→ **DATA LISTING**
——————

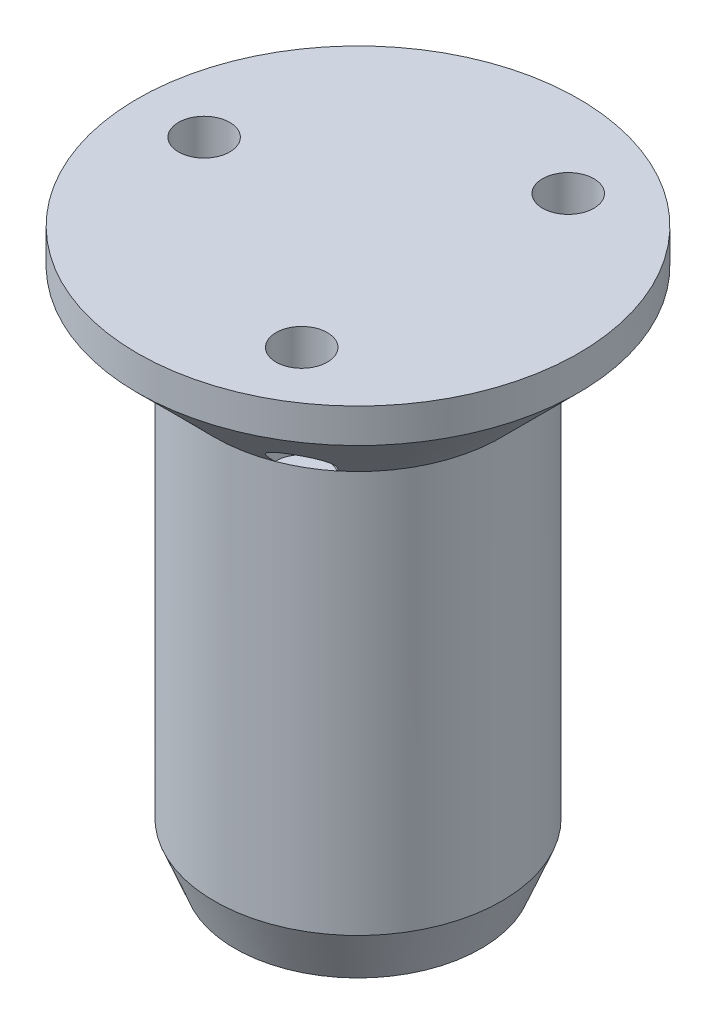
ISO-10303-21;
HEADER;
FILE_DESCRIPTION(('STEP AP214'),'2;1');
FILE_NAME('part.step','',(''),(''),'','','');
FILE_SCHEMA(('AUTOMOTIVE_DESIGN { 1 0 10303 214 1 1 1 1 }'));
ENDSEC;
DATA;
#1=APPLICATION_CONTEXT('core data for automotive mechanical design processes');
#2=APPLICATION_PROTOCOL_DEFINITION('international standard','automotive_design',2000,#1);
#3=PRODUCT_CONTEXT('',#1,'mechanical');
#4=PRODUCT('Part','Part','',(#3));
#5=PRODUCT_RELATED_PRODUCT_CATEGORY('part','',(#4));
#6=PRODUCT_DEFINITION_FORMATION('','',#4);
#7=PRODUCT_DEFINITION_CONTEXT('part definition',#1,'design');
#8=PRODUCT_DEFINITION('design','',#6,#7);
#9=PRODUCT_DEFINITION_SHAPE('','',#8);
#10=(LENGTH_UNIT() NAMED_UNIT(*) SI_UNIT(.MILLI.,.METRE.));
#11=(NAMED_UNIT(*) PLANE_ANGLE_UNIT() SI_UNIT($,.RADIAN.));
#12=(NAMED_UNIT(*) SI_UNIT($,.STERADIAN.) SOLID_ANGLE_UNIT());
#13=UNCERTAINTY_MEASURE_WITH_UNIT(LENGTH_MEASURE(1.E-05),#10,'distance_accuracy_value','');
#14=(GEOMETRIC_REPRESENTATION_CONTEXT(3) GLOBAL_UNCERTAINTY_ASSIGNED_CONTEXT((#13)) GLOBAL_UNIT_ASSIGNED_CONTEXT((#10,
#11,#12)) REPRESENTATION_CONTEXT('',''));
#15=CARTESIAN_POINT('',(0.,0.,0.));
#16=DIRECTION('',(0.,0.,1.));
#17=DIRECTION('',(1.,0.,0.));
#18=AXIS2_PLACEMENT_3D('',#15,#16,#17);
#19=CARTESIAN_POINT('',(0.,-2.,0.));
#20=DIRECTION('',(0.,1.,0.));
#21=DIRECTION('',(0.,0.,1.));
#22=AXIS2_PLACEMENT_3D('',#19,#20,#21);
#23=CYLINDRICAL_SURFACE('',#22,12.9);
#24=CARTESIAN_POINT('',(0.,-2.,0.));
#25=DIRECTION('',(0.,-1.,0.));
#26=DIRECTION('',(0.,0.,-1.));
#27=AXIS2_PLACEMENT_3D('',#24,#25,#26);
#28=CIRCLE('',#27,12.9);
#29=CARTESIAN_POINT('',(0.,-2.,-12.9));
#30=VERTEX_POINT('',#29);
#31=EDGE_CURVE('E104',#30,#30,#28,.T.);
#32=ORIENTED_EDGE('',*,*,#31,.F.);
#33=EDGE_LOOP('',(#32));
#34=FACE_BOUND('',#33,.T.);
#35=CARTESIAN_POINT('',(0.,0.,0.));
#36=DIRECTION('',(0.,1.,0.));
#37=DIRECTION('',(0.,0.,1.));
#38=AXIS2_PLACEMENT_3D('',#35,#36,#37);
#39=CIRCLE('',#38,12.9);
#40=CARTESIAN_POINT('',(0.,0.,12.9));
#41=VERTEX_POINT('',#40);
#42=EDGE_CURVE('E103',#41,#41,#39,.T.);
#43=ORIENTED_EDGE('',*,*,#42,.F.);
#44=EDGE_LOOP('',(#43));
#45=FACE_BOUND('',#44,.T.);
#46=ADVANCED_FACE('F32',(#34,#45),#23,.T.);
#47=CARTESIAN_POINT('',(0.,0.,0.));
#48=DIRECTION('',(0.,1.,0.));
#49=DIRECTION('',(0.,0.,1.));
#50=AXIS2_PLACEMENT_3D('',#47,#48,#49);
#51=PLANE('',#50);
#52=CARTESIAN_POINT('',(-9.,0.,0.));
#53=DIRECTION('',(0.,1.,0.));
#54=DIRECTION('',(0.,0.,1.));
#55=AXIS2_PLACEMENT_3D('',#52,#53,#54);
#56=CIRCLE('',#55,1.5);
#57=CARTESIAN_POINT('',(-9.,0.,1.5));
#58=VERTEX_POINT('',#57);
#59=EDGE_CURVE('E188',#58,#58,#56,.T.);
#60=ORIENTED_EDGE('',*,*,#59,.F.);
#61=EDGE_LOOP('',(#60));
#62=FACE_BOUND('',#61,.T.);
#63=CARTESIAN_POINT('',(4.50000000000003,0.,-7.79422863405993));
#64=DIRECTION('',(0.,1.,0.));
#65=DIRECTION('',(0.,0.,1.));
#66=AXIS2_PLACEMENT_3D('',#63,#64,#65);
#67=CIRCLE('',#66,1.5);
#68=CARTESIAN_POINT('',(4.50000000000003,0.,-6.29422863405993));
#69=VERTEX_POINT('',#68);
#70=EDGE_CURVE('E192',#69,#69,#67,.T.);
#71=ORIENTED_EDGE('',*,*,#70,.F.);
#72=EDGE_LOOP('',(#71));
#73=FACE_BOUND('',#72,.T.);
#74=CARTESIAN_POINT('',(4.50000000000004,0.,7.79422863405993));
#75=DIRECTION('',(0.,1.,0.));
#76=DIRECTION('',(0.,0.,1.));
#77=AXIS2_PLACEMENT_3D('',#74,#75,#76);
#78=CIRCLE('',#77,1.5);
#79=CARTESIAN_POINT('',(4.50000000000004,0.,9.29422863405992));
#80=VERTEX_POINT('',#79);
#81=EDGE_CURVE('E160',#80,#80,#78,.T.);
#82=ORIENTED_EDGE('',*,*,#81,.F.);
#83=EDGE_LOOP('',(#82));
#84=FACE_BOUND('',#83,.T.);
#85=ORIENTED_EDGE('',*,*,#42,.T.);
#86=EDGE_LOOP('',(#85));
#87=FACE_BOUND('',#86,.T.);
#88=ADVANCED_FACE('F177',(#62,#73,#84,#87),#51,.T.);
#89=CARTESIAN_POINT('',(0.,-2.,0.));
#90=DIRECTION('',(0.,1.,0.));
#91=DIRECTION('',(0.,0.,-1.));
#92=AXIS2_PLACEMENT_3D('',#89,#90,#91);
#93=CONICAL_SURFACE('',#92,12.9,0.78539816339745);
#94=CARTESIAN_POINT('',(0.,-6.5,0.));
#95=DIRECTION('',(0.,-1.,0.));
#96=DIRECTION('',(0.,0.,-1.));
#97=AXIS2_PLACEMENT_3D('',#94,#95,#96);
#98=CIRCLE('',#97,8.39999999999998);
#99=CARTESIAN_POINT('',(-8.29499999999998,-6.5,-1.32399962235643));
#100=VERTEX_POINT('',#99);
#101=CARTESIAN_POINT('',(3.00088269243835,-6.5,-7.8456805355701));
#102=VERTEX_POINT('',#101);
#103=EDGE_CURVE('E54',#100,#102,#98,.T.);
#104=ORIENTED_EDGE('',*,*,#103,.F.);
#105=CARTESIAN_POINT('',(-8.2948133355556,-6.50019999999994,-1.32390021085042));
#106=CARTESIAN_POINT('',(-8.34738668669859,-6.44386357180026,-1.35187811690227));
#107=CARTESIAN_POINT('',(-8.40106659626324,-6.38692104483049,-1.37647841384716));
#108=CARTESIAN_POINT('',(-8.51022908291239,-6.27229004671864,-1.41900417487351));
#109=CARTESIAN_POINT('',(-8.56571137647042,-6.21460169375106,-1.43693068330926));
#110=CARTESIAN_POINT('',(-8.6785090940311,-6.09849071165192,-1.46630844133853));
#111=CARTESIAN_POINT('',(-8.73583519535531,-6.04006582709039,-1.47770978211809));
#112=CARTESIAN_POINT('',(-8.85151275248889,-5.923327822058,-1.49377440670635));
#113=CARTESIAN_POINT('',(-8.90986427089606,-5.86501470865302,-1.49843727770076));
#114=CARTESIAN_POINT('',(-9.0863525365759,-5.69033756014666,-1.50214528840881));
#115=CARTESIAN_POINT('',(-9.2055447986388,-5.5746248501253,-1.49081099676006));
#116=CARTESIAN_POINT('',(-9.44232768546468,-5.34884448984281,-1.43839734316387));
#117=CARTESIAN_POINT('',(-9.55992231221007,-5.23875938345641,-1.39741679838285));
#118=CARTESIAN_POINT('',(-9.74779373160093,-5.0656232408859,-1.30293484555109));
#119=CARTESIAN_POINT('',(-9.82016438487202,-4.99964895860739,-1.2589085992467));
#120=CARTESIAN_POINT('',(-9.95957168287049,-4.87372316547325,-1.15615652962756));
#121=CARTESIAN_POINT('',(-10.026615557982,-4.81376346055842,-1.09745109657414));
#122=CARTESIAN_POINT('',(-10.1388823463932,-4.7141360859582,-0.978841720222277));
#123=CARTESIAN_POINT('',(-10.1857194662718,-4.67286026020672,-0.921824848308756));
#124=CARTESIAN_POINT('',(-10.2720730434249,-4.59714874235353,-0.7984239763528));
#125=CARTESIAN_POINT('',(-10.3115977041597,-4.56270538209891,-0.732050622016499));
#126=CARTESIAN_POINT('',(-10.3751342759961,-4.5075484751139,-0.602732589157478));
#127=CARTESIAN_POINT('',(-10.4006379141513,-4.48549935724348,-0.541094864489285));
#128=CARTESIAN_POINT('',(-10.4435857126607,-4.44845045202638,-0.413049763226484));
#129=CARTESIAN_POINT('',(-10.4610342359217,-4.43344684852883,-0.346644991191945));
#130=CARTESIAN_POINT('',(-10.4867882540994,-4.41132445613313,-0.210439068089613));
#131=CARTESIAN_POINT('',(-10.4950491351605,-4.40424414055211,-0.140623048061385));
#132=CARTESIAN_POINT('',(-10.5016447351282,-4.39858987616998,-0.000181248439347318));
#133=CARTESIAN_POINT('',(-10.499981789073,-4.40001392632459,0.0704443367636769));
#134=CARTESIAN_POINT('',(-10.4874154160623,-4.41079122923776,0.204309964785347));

——————

→ **WHAT IS EXPECTED**
Check all the records above and select each line where the string "CIRCLE" is found.

→ **SOLVED EXERCISE**
#28=CIRCLE('',#27,12.9);
#39=CIRCLE('',#38,12.9);
#56=CIRCLE('',#55,1.5);
#67=CIRCLE('',#66,1.5);
#78=CIRCLE('',#77,1.5);
#98=CIRCLE('',#97,8.39999999999998);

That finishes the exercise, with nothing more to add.